Gail Holman, practice administrator for six-physician Atlanta Dermatology Associates, has not yet placed her practice’s medical records on-line, but is engaged in researching systems now. Security and privacy are high on her agenda.
"We’re looking at two aspects information that stays in-house, and information that goes outside," says Holman. "Security needs to be addressed at both levels and in different ways."
Physician practice officials need to do two main things to avert information disasters, experts recommend:
• Understand what types of security threats exist.
• Specifically instruct computer vendors to install the protections necessary for their systems. (The table above summarizes these threats, along with corresponding countermeasures.)
The best way to start is to understand what threats are out there, researchers point out. (For details on step two, ensuring protections your systems need now and what you will likely need in the future, see related story, p. 67.) The NRC’s report, based largely on information drawn from seven site visits to health care organizations, describes these five typical levels of information security threats:
• Threat 1: "Spills." Insiders make "innocent" mistakes and cause accidental disclosures. Accidental disclosure of information is probably the most common threat, researchers said. They list numerous ways this can occur:
overheard conversations between care providers in the corridor or elevator;
a laboratory technician noticing test results for an acquaintance among lab tests being processed;
information left on the screen of a computer in a nursing station so a passerby can see it;
misaddressed e-mail or fax messages, or misfiled and misclassified data.
• Threat 2: "Improper use." Insiders abuse their record access privileges. Examples of this occur among individuals who have authorized access to key data (whether through on-site or off-site facilities) and who violate the trust associated with that access.
"Although no overall statistics are available to indicate the scope of the problem, discussions with employees during site visits uncovered many cases in which health care workers have accessed information about the health of fellow employees or family members out of concern for their well-being," the report states.
• Threat 3. "Snooping." Insiders knowingly access information for spite or for profit.
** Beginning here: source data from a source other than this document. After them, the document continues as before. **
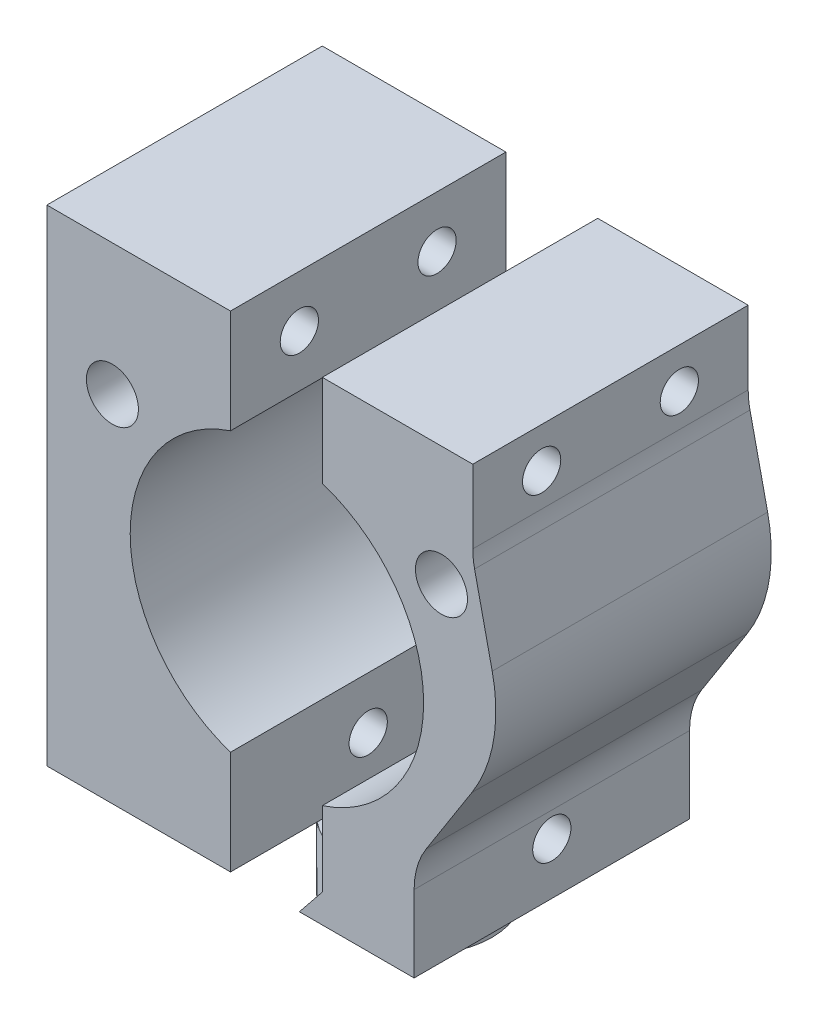
from build123d import *

# Parameters (mm, degrees)
SKETCH2_W                 = 12
SKETCH2_H                 = 18
EXTRUDE1_DEPTH            = 31.75
EXTRUDE1_2_DEPTH          = 31.75
EXTRUDE2_DEPTH            = 4.5
SKETCH4_R                 = 9.5885
MAGNET_CAVITY_DEPTH       = 19
M3X0_5_TAPPED_HOLE1_D     = 2.5
M2X0_4_TAPPED_HOLE2_D     = 1.6
M2X0_4_TAPPED_HOLE2_DEPTH = 6
M2X0_4_TAPPED_HOLE2_TIP   = 0.480688495
M3_CLEARANCE_HOLE1_D      = 3.4
M3_CLEARANCE_HOLE1_DEPTH  = 18
M3_CLEARANCE_HOLE1_TIP    = 1.021463052
EXTRUDE3_DEPTH            = 19
EXTRUDE4_DEPTH            = 18


with BuildPart() as part:
    # Sketch2 → Extrude1 (new body)
    with BuildSketch(Plane(origin=(0, 4.5, 0), x_dir=(-1, 0, 0), z_dir=(0, 1, 0))):
        with Locations((9, 0.343878918)):
            Rectangle(SKETCH2_W, SKETCH2_H)
    extrude(amount=EXTRUDE1_DEPTH)



with BuildPart() as body_2:
    # Sketch2 → Extrude1 2 (new body)
    with BuildSketch(Plane(origin=(0, 4.5, 0), x_dir=(-1, 0, 0), z_dir=(0, 1, 0))):
        with Locations((-9, 0.343878918)):
            Rectangle(SKETCH2_W, SKETCH2_H)
    extrude(amount=EXTRUDE1_2_DEPTH)


with BuildPart() as part_1:
    add(part.part)

    add(body_2.part)  # Extrude2 merges body 2
    # Sketch1 → Extrude2 (add)
    with BuildSketch(Plane(origin=(0, 0, 0), x_dir=(1, 0, 0), z_dir=(0, 1, 0))):
        with BuildLine():
            ThreePointArc((4.75, 0), (3.852758752, 2.778263846), (1.5, 4.506939094))
            Line((1.5, 4.506939094), (1.5, -4.506939094))
            ThreePointArc((1.5, -4.506939094), (3.852758752, -2.778263846), (4.75, 0))
        make_face()
        with BuildLine():
            Line((-1.5, -4.506939094), (-1.5, 4.506939094))
            ThreePointArc((-1.5, 4.506939094), (-4.75, 0), (-1.5, -4.506939094))
        make_face()
    extrude(amount=EXTRUDE2_DEPTH)

    # Sketch4 → Magnet Cavity (cut, through all)
    with BuildSketch(Plane.XY.offset(9.343878918)):
        with Locations((0.033766691, 20.375)):
            Circle(SKETCH4_R)
    extrude(amount=-MAGNET_CAVITY_DEPTH, mode=Mode.SUBTRACT)

    # M3x0.5 Tapped Hole1 (through all)
    with Locations(Plane(origin=(15, 32.871578641, 4.843878918), x_dir=(0, 0, 1), z_dir=(1, 0, 0))):
        with Locations((0, 0), (-9, 0), (-4.5, 24.993157282)):
            Hole(M3X0_5_TAPPED_HOLE1_D / 2)

    # M2x0.4 Tapped Hole2
    with Locations(Plane(origin=(-6.495190528, 4.5, 3.75), x_dir=(0, 0, -1), z_dir=(0, -1, 0))):
        with Locations((0, 0), (0, 12.990381056)):
            Hole(M2X0_4_TAPPED_HOLE2_D / 2, depth=M2X0_4_TAPPED_HOLE2_DEPTH)
            with Locations((0, 0, -(M2X0_4_TAPPED_HOLE2_DEPTH + M2X0_4_TAPPED_HOLE2_TIP / 2))):  # 118° drill point
                Cone(0, M2X0_4_TAPPED_HOLE2_D / 2, M2X0_4_TAPPED_HOLE2_TIP, mode=Mode.SUBTRACT)

    # M3 Clearance Hole1
    with Locations(Plane(origin=(-10.718511689, 27.68174412, 9.343878918), x_dir=(1, 0, 0), z_dir=(0, 0, 1))):
        with Locations((0, 0), (21.50455676, 0)):
            Hole(M3_CLEARANCE_HOLE1_D / 2, depth=M3_CLEARANCE_HOLE1_DEPTH)
            with Locations((0, 0, -(M3_CLEARANCE_HOLE1_DEPTH + M3_CLEARANCE_HOLE1_TIP / 2))):  # 118° drill point
                Cone(0, M3_CLEARANCE_HOLE1_D / 2, M3_CLEARANCE_HOLE1_TIP, mode=Mode.SUBTRACT)

    # Trim Sketch → Extrude3 (cut, through all)
    with BuildSketch(Plane.XY.offset(9.343878918)):
        with BuildLine():
            Line((9, 9.503868704), (9, 4.5))
            Line((9, 4.5), (15, 4.5))
            Line((15, 4.5), (15, 36.25))
            Line((15, 36.25), (3, 36.25))
            Line((3, 36.25), (3, 35.497506653))
            Line((3, 35.497506653), (12.833586371, 35.497506653))
            Line((12.833586371, 35.497506653), (12.833586371, 30.705187388))
            ThreePointArc((12.833586371, 30.705187388), (12.863239183, 30.161451393), (12.951845904, 29.624164718))
            Line((12.951845904, 29.624164718), (14.104451498, 24.419166219))
            ThreePointArc((14.104451498, 24.419166219), (14.188629696, 20.518267921), (12.773591061, 16.882094224))
            Line((12.773591061, 16.882094224), (9.783689751, 12.191382032))
            ThreePointArc((9.783689751, 12.191382032), (9.199919207, 10.903591669), (9, 9.503868704))
        make_face()
    extrude(amount=-EXTRUDE3_DEPTH, mode=Mode.SUBTRACT)

    # Sketch26 → Extrude4 (add)
    with BuildSketch(Plane.XY.offset(9.343878918)):
        Polygon((1.5, 4.5), (3, 6.359966873), (3, 4.5), align=None)
    extrude(amount=-EXTRUDE4_DEPTH)


solid = part_1.part

This kind of threat arises when an attacker has authorization for some part of the system, but through technical or other means gains unauthorized access to critical data. For an example, a billing clerk who has access to financial information could tap into other parts of the system if technical barriers are not in place.
• Threat 4. "Prowling." There is an unauthorized physical intruder. In this kind of case, an unauthorized person would have physical access to computer equipment but no authorization for system use. For example, an individual who puts on a lab coat and a fake badge can walk into a facility, start using a work station, and even ask employees for guidance in using the system.
• Threat 5. "Technical break-in." Vengeful employees and outsiders, such as vindictive patients or intruders, launch attacks to access unauthorized information, sabotage systems, and interfere with operations.
"This is the pure technical threat an attacker with no authorization and no physical access," the report states. An example would be an intruder who breaks into a system from an external network and extracts patient records.
This threat is truly dangerous only when patient records are accessed regularly through an external network, researchers say. But, that interconnection is more common than ever. "Most providers are moving toward the use of networking computer technologies as they move toward electronic medical records," the report points out.
Reference
1. For the Record: Protecting Electronic Health Information. Washington, DC: National Research Council; 1997.